Swivelling steam nozzle which can accommodate large cappuccino cups

Espresso scoop and tamper, stainless steel espresso insert and drip tray included




It even has a pressure gauge and site-glass.

Its basically a S/A Pavoni.


----------



## jim3rg (Apr 17, 2015)

Sorry, I was trying to post the link but tapatalk wouldnt let me for some reason.

Jim


----------



## The Systemic Kid (Nov 23, 2012)

Kyle548 said:


> Here is a feature list;
> 
> 
> Prepare barista-quality cups of delicious, aromatic and fresh coffee
> ...


You missed out the 3yr warranty - not bad for £50.00.


----------



## froggystyle (Oct 30, 2013)

The Systemic Kid said:


> You missed out the 3yr warranty - not bad for £50.00.


You off to Lidl then?


----------



## The Systemic Kid (Nov 23, 2012)

froggystyle said:


> You off to Lidl then?


Nah, I'll wait for the sales


----------



## NJD1977 (Dec 16, 2014)

Can the OPV mod be done on this?


----------



## spune (Oct 3, 2011)

Stuff the coffee, I want pizza scissors. I knew there was an easier way than using a knife.

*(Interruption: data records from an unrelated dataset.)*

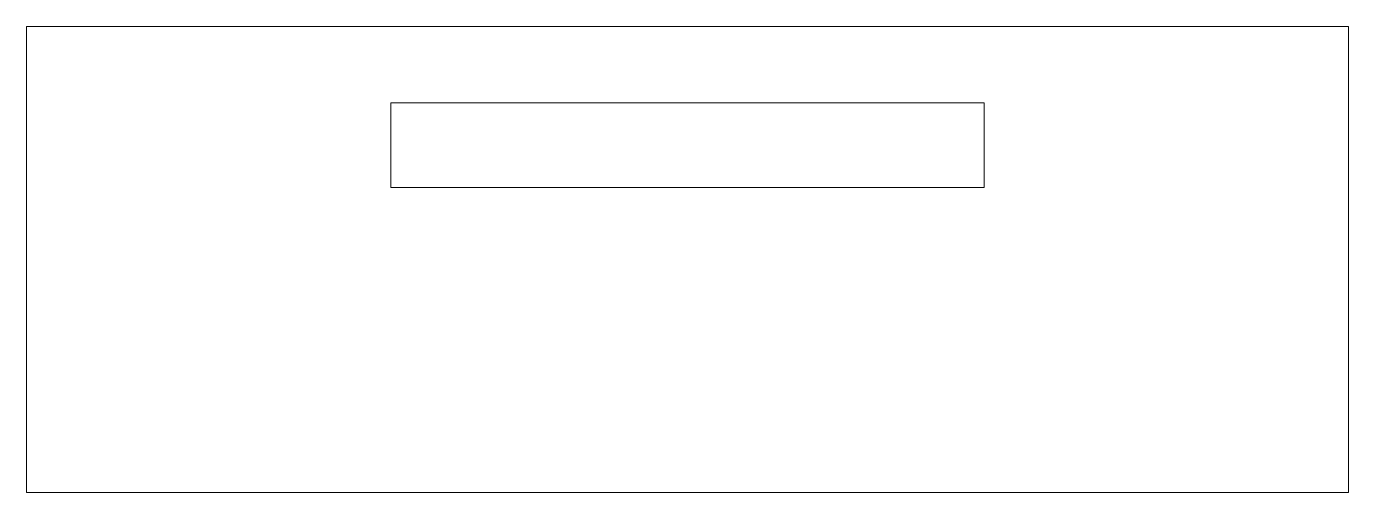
# Model space of a CAD drawing. Header units: millimetres. Extents: x -78 to 78, y -27 to 28.
import ezdxf

# ---------------------------------------------------------------- set-up
doc = ezdxf.new("R2010")
doc.units = ezdxf.units.MM

msp = doc.modelspace()

# ---------------------------------------------------------------- linework, layer by layer
at = {"color": 7, "linetype": 'Continuous', "lineweight": 15}
for p, q in [((-78, 27.51), (-78, -27.5)), ((78, 27.51), (-78, 27.51)), ((78, -27.5), (78, 27.51)), ((35, 18.51), (-35, 18.51)), ((-35, 18.51), (-35, 8.51)), ((35, 18.5), (-35, 18.5)), ((35, 8.51), (35, 18.51)), ((-35, 8.51), (35, 8.51)), ((-78, -27.49), (78, -27.49)), ((-78, -27.5), (78, -27.5))]:
    msp.add_line(p, q, dxfattribs=at)

doc.saveas('drawing.dxf')
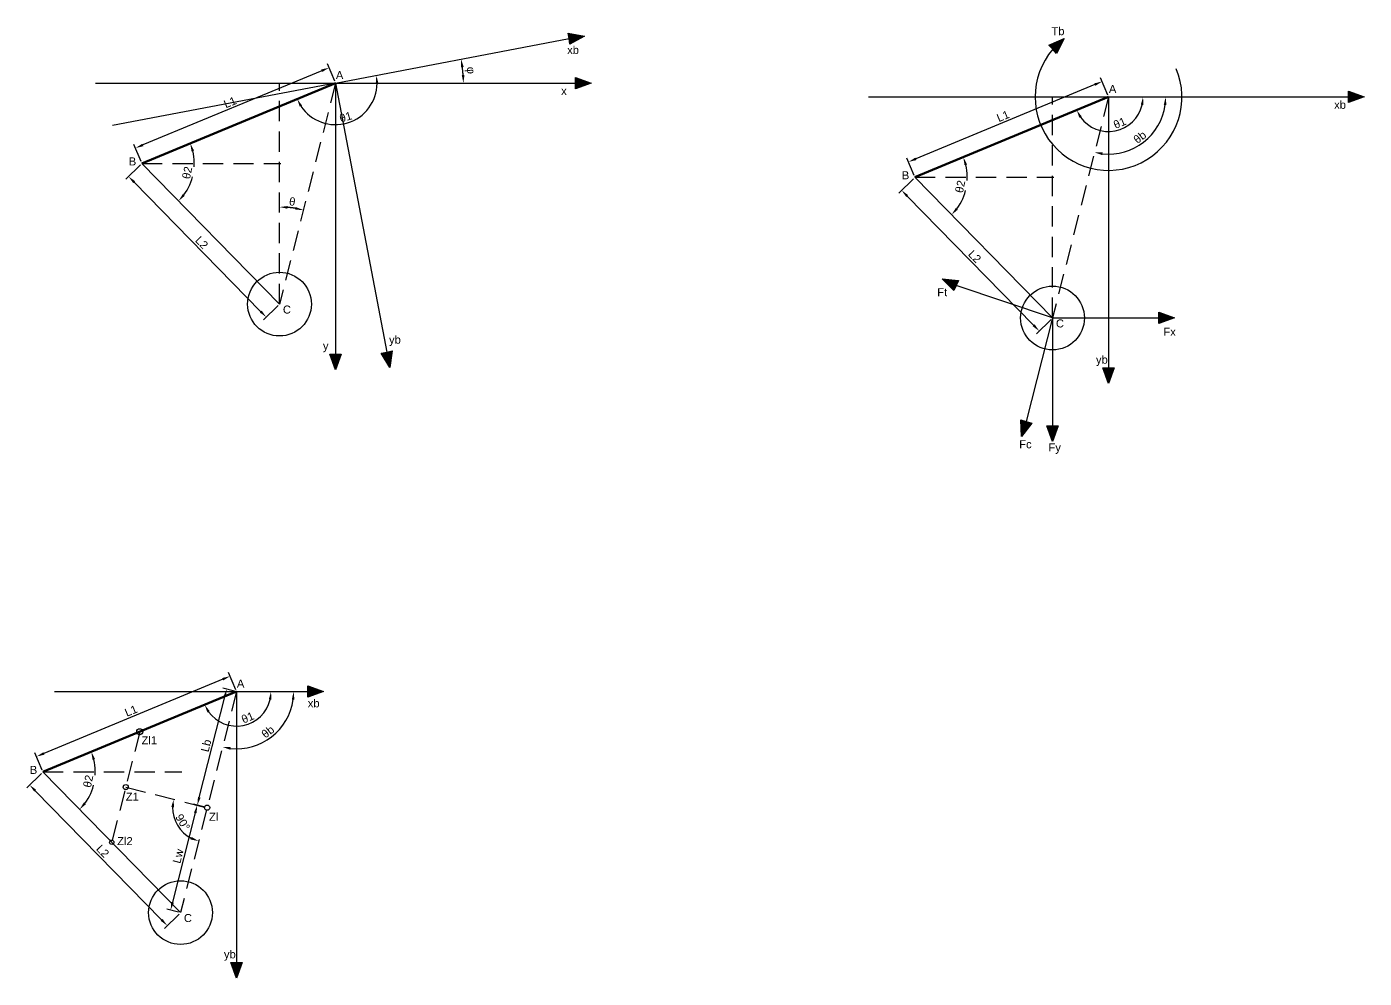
# Model space of a CAD drawing. Header units: millimetres. Extents: x 1841 to 2582, y 2136 to 2527.
# Drawn here: x 1841.3 to 2259.2, y 2136.3 to 2433.6 of the extents above; entities that cross this region are included whole.
import ezdxf

# ---------------------------------------------------------------- set-up
doc = ezdxf.new("R2010")
doc.units = ezdxf.units.MM
doc.linetypes.add('HIDDEN', pattern=[9.525, 6.35, -3.175])
doc.layers.add('机体', color=7, linetype='Continuous', lineweight=211)
doc.layers.add('虚线', color=7, linetype='HIDDEN')
doc.styles.get("Standard").update_dxf_attribs({"font": 'arial.ttf'})
doc.dimstyles.new('ISO-25', dxfattribs={"dimtxt": 2.5, "dimasz": 2.5, "dimexe": 1.25, "dimexo": 0.625, "dimtad": 1, "dimtxsty": 'Standard', "dimcen": 2.5, "dimadec": 0, "dimazin": 0, "dimtfac": 1, "dimtmove": 0, "dimatfit": 3, "dimfxl": 1, "dimarcsym": 0})

# ---------------------------------------------------------------- blocks, each defined once
blk = doc.blocks.new('*D1')
at = {"layer": 'Defpoints', "color": 0, "transparency": 16777216}
for p in [(1877.28, 2390.89), (1920.28, 2346.94), (1916.12, 2342.88)]:
    blk.add_point(p, dxfattribs=at)
at = {"layer": '机体', "color": 0, "lineweight": -2, "transparency": 16777216}
for p, q in [((1876.83, 2390.45), (1872.23, 2385.95)), ((1874.87, 2385.03), (1914.37, 2344.66)), ((1919.83, 2346.5), (1915.23, 2342))]:
    blk.add_line(p, q, dxfattribs=at)
at = {"layer": '机体', "color": 0, "transparency": 16777216}
for points in [[(1875.17, 2385.33), (1874.57, 2384.74), (1873.12, 2386.82)], [(1914.67, 2344.95), (1914.08, 2344.37), (1916.12, 2342.88)]]:
    blk.add_solid(points, dxfattribs=at)
at = {"layer": '机体', "color": 0, "transparency": 16777216, "insert": (1895.97, 2366.16), "char_height": 2.5, "attachment_point": 5, "rotation": 314.3774}
blk.add_mtext('L2', dxfattribs=at)
blk = doc.blocks.new('*D2')
at = {"layer": 'Defpoints', "color": 0, "transparency": 16777216}
for p in [(1937.78, 2416), (1875.28, 2395.71), (1877.28, 2390.89)]:
    blk.add_point(p, dxfattribs=at)
at = {"layer": '机体', "color": 0, "lineweight": -2, "transparency": 16777216}
for p, q in [((1933.47, 2419.86), (1877.58, 2396.67)), ((1937.54, 2416.57), (1935.3, 2421.97)), ((1877.04, 2391.46), (1874.8, 2396.86))]:
    blk.add_line(p, q, dxfattribs=at)
at = {"layer": '机体', "color": 0, "transparency": 16777216}
for points in [[(1933.31, 2420.24), (1933.63, 2419.47), (1935.78, 2420.82)], [(1877.42, 2397.05), (1877.74, 2396.28), (1875.28, 2395.71)]]:
    blk.add_solid(points, dxfattribs=at)
at = {"layer": '机体', "color": 0, "transparency": 16777216, "insert": (1904.81, 2410), "char_height": 2.5, "attachment_point": 5, "rotation": 22.539}
blk.add_mtext('L1', dxfattribs=at)
blk = doc.blocks.new('*D3')
at = {"layer": 'Defpoints', "color": 0, "transparency": 16777216}
for p in [(1907.53, 2403.44), (1877.28, 2390.89), (1877.28, 2390.89), (1892.36, 2384.51), (1920.28, 2346.94)]:
    blk.add_point(p, dxfattribs=at)
at = {"layer": '虚线', "color": 0, "lineweight": -2, "transparency": 16777216}
blk.add_arc((1877.28, 2390.89), 16.38, 323.1309, 13.7855, dxfattribs=at)
at = {"layer": '虚线', "color": 0, "transparency": 16777216}
for points in [[(1892.79, 2394.66), (1893.58, 2394.92), (1892.4, 2397.17)], [(1890.69, 2380.78), (1890.07, 2381.33), (1888.73, 2379.18)]]:
    blk.add_solid(points, dxfattribs=at)
at = {"layer": '虚线', "color": 0, "transparency": 16777216, "insert": (1891.45, 2387.99), "char_height": 2.5, "attachment_point": 5, "rotation": 78.4582}
blk.add_mtext('θ2', dxfattribs=at)
blk = doc.blocks.new('*D4')
at = {"layer": 'Defpoints', "color": 0, "transparency": 16777216}
for p in [(2010.74, 2429.88), (1862.78, 2416), (1937.78, 2416), (1977.65, 2418.5), (2012.78, 2416)]:
    blk.add_point(p, dxfattribs=at)
at = {"layer": '虚线', "color": 0, "lineweight": -2, "transparency": 16777216}
blk.add_arc((1937.78, 2416), 39.95, 3.5858, 7.1914, dxfattribs=at)
at = {"layer": '虚线', "color": 0, "transparency": 16777216}
for points in [[(1977, 2420.93), (1977.83, 2421.06), (1977.03, 2423.47)], [(1978.07, 2418.51), (1977.24, 2418.48), (1977.73, 2416)]]:
    blk.add_solid(points, dxfattribs=at)
at = {"layer": '虚线', "color": 0, "transparency": 16777216, "insert": (1979.77, 2419.96), "char_height": 2.5, "attachment_point": 5, "rotation": 275.3886}
blk.add_mtext('φ', dxfattribs=at)
blk = doc.blocks.new('*D5')
at = {"color": 0, "lineweight": -2, "transparency": 16777216}
blk.add_arc((1937.78, 2416), 12.99, 213.5854, 359.7308, dxfattribs=at)
at = {"color": 0, "transparency": 16777216}
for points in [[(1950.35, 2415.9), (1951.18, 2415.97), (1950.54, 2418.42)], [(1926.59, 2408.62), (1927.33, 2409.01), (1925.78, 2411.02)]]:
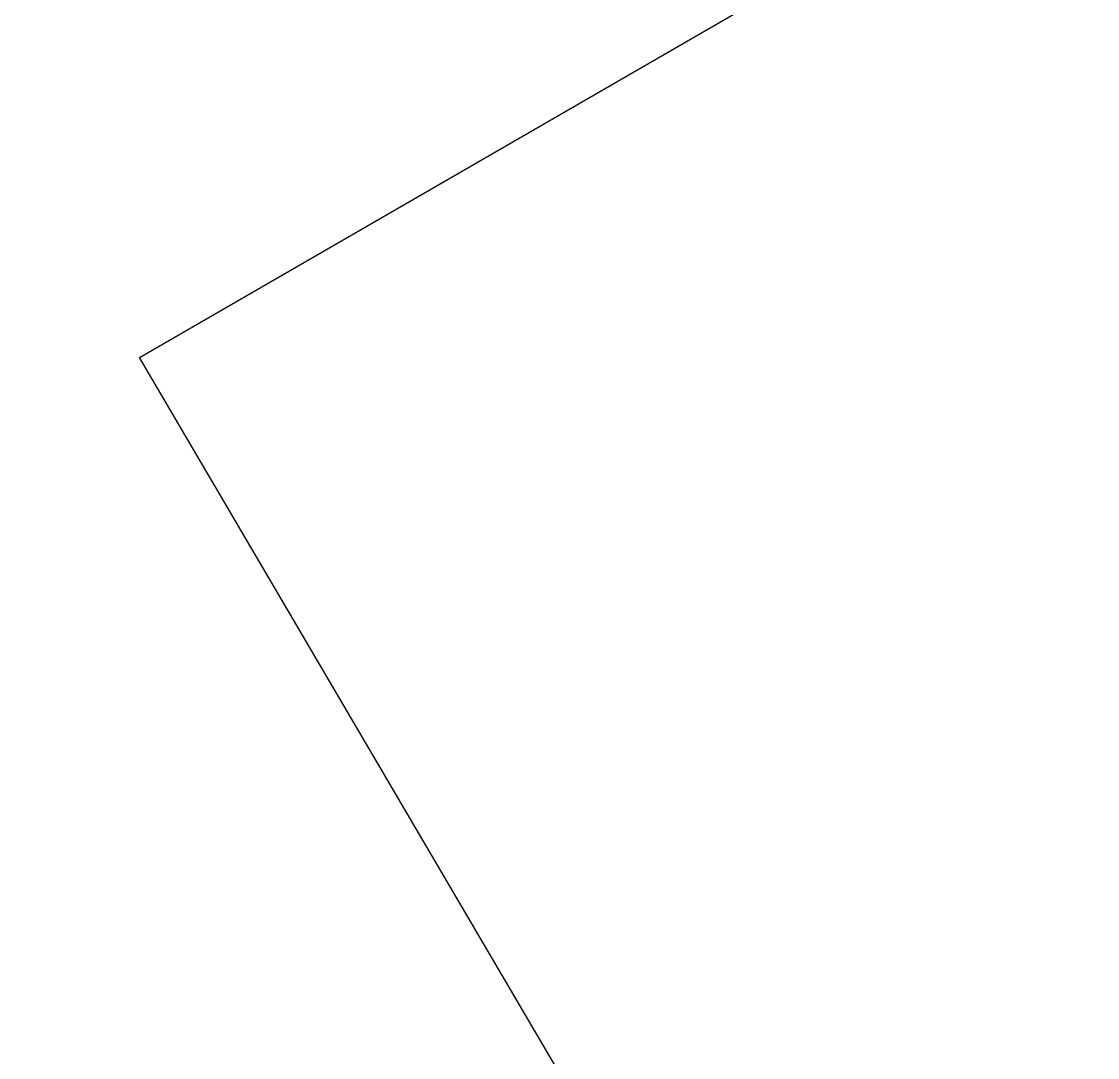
# Model space of a CAD drawing. Header units: inches. Extents: x 23 to 6400, y -2214 to 4412.
# Drawn here: x 3118.06 to 3140.22, y 131.68 to 153 of the extents above; entities that cross this region are included whole.
import ezdxf

# ---------------------------------------------------------------- set-up
doc = ezdxf.new("R2010")
doc.units = ezdxf.units.IN
doc.header["$LTSCALE"] = 96
doc.header["$MEASUREMENT"] = 0
doc.layers.add('A-FURN-EXIST', color=33, linetype='Continuous')

# ---------------------------------------------------------------- blocks, each defined once
blk = doc.blocks.new('A$C1C1D4BE0')
at = {"lineweight": -3, "elevation": 27}
blk.add_lwpolyline([(377.472, 127.253), (392.472, 153.234), (367.948, 167.635), (352.948, 141.655)], close=True, dxfattribs=at)
at = {"invisible_edges": 15}
for points in [[(382.327, 170.063, 72.937), (382.327, 170.052, 72.909), (382.327, 169.794, 73.249)], [(382.327, 169.883, 74.309), (382.327, 169.716, 73.541), (382.327, 169.206, 74.107)], [(382.327, 169.227, 74.185), (382.327, 169.673, 74.47), (382.327, 169.883, 74.309)], [(382.327, 169.717, 72.653), (382.327, 169.703, 72.647), (382.327, 169.794, 73.249)], [(382.327, 168.993, 74.05), (382.327, 169.659, 73.327), (382.327, 167.275, 72.425)], [(382.327, 168.993, 74.05), (382.327, 167.275, 72.425), (382.327, 168.149, 74.27)], [(382.327, 166.721, 72.474), (382.327, 166.114, 74.05), (382.327, 166.959, 74.27)], [(382.327, 166.721, 72.474), (382.327, 165.447, 73.328), (382.327, 166.114, 74.05)], [(382.327, 165.901, 74.108), (382.327, 165.39, 73.542), (382.327, 165.224, 74.31)], [(382.327, 165.435, 74.471), (382.327, 165.88, 74.186), (382.327, 165.224, 74.31)], [(382.327, 165.39, 73.271), (382.327, 165.403, 72.648), (382.327, 165.389, 72.654)], [(382.327, 165.312, 73.25), (382.327, 165.055, 72.911), (382.327, 165.043, 72.938)]]:
    blk.add_3dface(points, dxfattribs=at)
at = {"lineweight": -3, "flags": 1}
for tag, p, rotation in [('CAPPN', (29.083, 175.224, 27.25), 90), ('CAPMG', (29.083, 175.224, 27.25), 90), ('CAPMC', (29.083, 175.224, 27.25), 90), ('CAPQT', (29.083, 175.224, 27.25), 90), ('CAPDH', (29.083, 175.224, 27.25), 90), ('CAPGC', (29.083, 175.224, 27.25), 90), ('CAPPN', (29.083, 175.224, 26.75), 90), ('CAPMG', (29.083, 175.224, 26.75), 90), ('CAPMC', (29.083, 175.224, 26.75), 90), ('CAPQT', (29.083, 175.224, 26.75), 90), ('CAPDH', (29.083, 175.224, 26.75), 90), ('CAPGC', (29.083, 175.224, 26.75), 90), ('CAPPN', (53.083, 175.224, 27.25), 180), ('CAPMG', (53.083, 175.224, 27.25), 180), ('CAPMC', (53.083, 175.224, 27.25), 180), ('CAPQT', (53.083, 175.224, 27.25), 180), ('CAPDH', (53.083, 175.224, 27.25), 180), ('CAPGC', (53.083, 175.224, 27.25), 180), ('CAPPN', (109.066, 175.224, 27.25), 90), ('CAPMG', (109.066, 175.224, 27.25), 90), ('CAPMC', (109.066, 175.224, 27.25), 90), ('CAPQT', (109.066, 175.224, 27.25), 90), ('CAPDH', (109.066, 175.224, 27.25), 90), ('CAPGC', (109.066, 175.224, 27.25), 90), ('CAPPN', (109.066, 175.224, 26.75), 90), ('CAPMG', (109.066, 175.224, 26.75), 90), ('CAPMC', (109.066, 175.224, 26.75), 90), ('CAPQT', (109.066, 175.224, 26.75), 90), ('CAPDH', (109.066, 175.224, 26.75), 90), ('CAPGC', (109.066, 175.224, 26.75), 90), ('CAPPN', (133.066, 175.224, 27.25), 180), ('CAPMG', (133.066, 175.224, 27.25), 180), ('CAPMC', (133.066, 175.224, 27.25), 180), ('CAPQT', (133.066, 175.224, 27.25), 180), ('CAPDH', (133.066, 175.224, 27.25), 180), ('CAPGC', (133.066, 175.224, 27.25), 180), ('CAPPN', (247.065, 175.112, 27.25), 180), ('CAPMG', (247.065, 175.112, 27.25), 180), ('CAPMC', (247.065, 175.112, 27.25), 180), ('CAPQT', (247.065, 175.112, 27.25), 180), ('CAPDH', (247.065, 175.112, 27.25), 180), ('CAPGC', (247.065, 175.112, 27.25), 180), ('CAPPN', (346.296, 144.907, 28.25), 239.7332), ('CAPMG', (346.296, 144.907, 28.25), 239.7332), ('CAPMC', (346.296, 144.907, 28.25), 239.7332), ('CAPQT', (346.296, 144.907, 28.25), 239.7332), ('CAPDH', (346.296, 144.907, 28.25), 239.7332), ('CAPGC', (346.296, 144.907, 28.25), 239.7332), ('CAPMG', (273.388, 103.264), 180), ('CAPMC', (273.388, 103.264), 180), ('CAPQT', (273.388, 103.264), 180), ('CAPDH', (273.388, 103.264), 180), ('CAPGC', (273.388, 103.264), 180), ('CAPPN', (273.388, 103.264), 180), ('CAPPN', (109.065, 103.112, 27.25), 90), ('CAPMG', (109.065, 103.112, 27.25), 90), ('CAPMC', (109.065, 103.112, 27.25), 90), ('CAPQT', (109.065, 103.112, 27.25), 90), ('CAPDH', (109.065, 103.112, 27.25), 90), ('CAPGC', (109.065, 103.112, 27.25), 90), ('CAPPN', (199.065, 103.112, 27.25), 180), ('CAPMG', (199.065, 103.112, 27.25), 180), ('CAPMC', (199.065, 103.112, 27.25), 180), ('CAPQT', (199.065, 103.112, 27.25), 180), ('CAPDH', (199.065, 103.112, 27.25), 180), ('CAPGC', (199.065, 103.112, 27.25), 180), ('CAPPN', (247.065, 103.112, 27.25), 180), ('CAPMG', (247.065, 103.112, 27.25), 180), ('CAPMC', (247.065, 103.112, 27.25), 180), ('CAPQT', (247.065, 103.112, 27.25), 180), ('CAPDH', (247.065, 103.112, 27.25), 180), ('CAPGC', (247.065, 103.112, 27.25), 180), ('CAPPN', (247.923, 96.112, 27.25), 270), ('CAPMG', (247.923, 96.112, 27.25), 270), ('CAPMC', (247.923, 96.112, 27.25), 270), ('CAPQT', (247.923, 96.112, 27.25), 270), ('CAPDH', (247.923, 96.112, 27.25), 270), ('CAPGC', (247.923, 96.112, 27.25), 270), ('CAPPN', (352.407, 58.005, 28.25), 120), ('CAPMG', (352.407, 58.005, 28.25), 120), ('CAPMC', (352.407, 58.005, 28.25), 120), ('CAPQT', (352.407, 58.005, 28.25), 120), ('CAPDH', (352.407, 58.005, 28.25), 120), ('CAPGC', (352.407, 58.005, 28.25), 120), ('CAPPN', (364.648, 37.203), 120.8037), ('CAPMG', (364.648, 37.203), 120.8037), ('CAPMC', (364.648, 37.203), 120.8037), ('CAPQT', (364.648, 37.203), 120.8037), ('CAPDH', (364.648, 37.203), 120.8037), ('CAPGC', (364.648, 37.203), 120.8037), ('CAPPN', (359.049, 33.971), 119.1963), ('CAPMG', (359.049, 33.971), 119.1963), ('CAPMC', (359.049, 33.971), 119.1963), ('CAPDH', (359.049, 33.971), 119.1963), ('CAPGC', (359.049, 33.971), 119.1963), ('CAPQT', (359.049, 33.971), 119.1963)]:
    blk.add_attdef(tag, p, '', height=0.001, rotation=rotation, dxfattribs=at)
for tag, p in [('CAPPN', (109.923, 96.112, 27.25)), ('CAPMG', (109.923, 96.112, 27.25)), ('CAPMC', (109.923, 96.112, 27.25)), ('CAPQT', (109.923, 96.112, 27.25)), ('CAPDH', (109.923, 96.112, 27.25)), ('CAPGC', (109.923, 96.112, 27.25)), ('CAPPN', (157.923, 96.112, 27.25)), ('CAPMG', (157.923, 96.112, 27.25)), ('CAPMC', (157.923, 96.112, 27.25)), ('CAPQT', (157.923, 96.112, 27.25)), ('CAPDH', (157.923, 96.112, 27.25)), ('CAPGC', (157.923, 96.112, 27.25)), ('CAPPN', (249.583, 96.112)), ('CAPMG', (249.583, 96.112)), ('CAPMC', (249.583, 96.112)), ('CAPQT', (249.583, 96.112)), ('CAPDH', (249.583, 96.112)), ('CAPGC', (249.583, 96.112)), ('CAPPN', (273.583, 96.112, 28.25)), ('CAPMG', (273.583, 96.112, 28.25)), ('CAPMC', (273.583, 96.112, 28.25)), ('CAPQT', (273.583, 96.112, 28.25)), ('CAPDH', (273.583, 96.112, 28.25)), ('CAPGC', (273.583, 96.112, 28.25)), ('CAPPN', (29.941, 24.112, 27.25)), ('CAPMG', (29.941, 24.112, 27.25)), ('CAPMC', (29.941, 24.112, 27.25)), ('CAPQT', (29.941, 24.112, 27.25)), ('CAPDH', (29.941, 24.112, 27.25)), ('CAPGC', (29.941, 24.112, 27.25)), ('CAPPN', (109.923, 24.112, 27.25)), ('CAPMG', (109.923, 24.112, 27.25)), ('CAPMC', (109.923, 24.112, 27.25)), ('CAPQT', (109.923, 24.112, 27.25)), ('CAPDH', (109.923, 24.112, 27.25)), ('CAPGC', (109.923, 24.112, 27.25))]:
    blk.add_attdef(tag, p, '', height=0.001, dxfattribs=at)

msp = doc.modelspace()

# ---------------------------------------------------------------- block references
at = {"layer": 'A-FURN-EXIST', "xscale": -1, "rotation": 90}
msp.add_blockref('A$C1C1D4BE0', (3288.126, 514.035), dxfattribs=at)

doc.saveas('drawing.dxf')

http://www.lidl.co.uk/en/our-offers-2491.htm?action=showDetail&id=23703


----------



## glevum (Apr 4, 2013)

NJD1977 said:


> Can the OPV mod be done on this?


Will need a PID on it!


----------



## Kyle548 (Jan 24, 2013)

We laugh, but it's probably at least on par with any other thermoblock and its priced (more) honestly.


----------



## jim3rg (Apr 17, 2015)

It could have been worse, I could have just posted an image of a 300g jar of Nescafe original on special offer.

Jim


----------



## Kyle548 (Jan 24, 2013)

jim3rg said:


> It could have been worse, I could have just posted an image of a 300g jar of Nescafe original on special offer.
> 
> Jim


They have their own brand coffee.

I can't begin to imagine...


----------



## froggystyle (Oct 30, 2013)

Kyle548 said:


> They have their own brand coffee.
> 
> I can't begin to imagine...


Its really grim, think nescafe but 100 times worse!


----------



## aaronb (Nov 16, 2012)

Those pizza scissors are genius! or stupid.


----------



## Daren (Jan 16, 2012)

froggystyle said:


> Its really grim, think nescafe but 100 times worse!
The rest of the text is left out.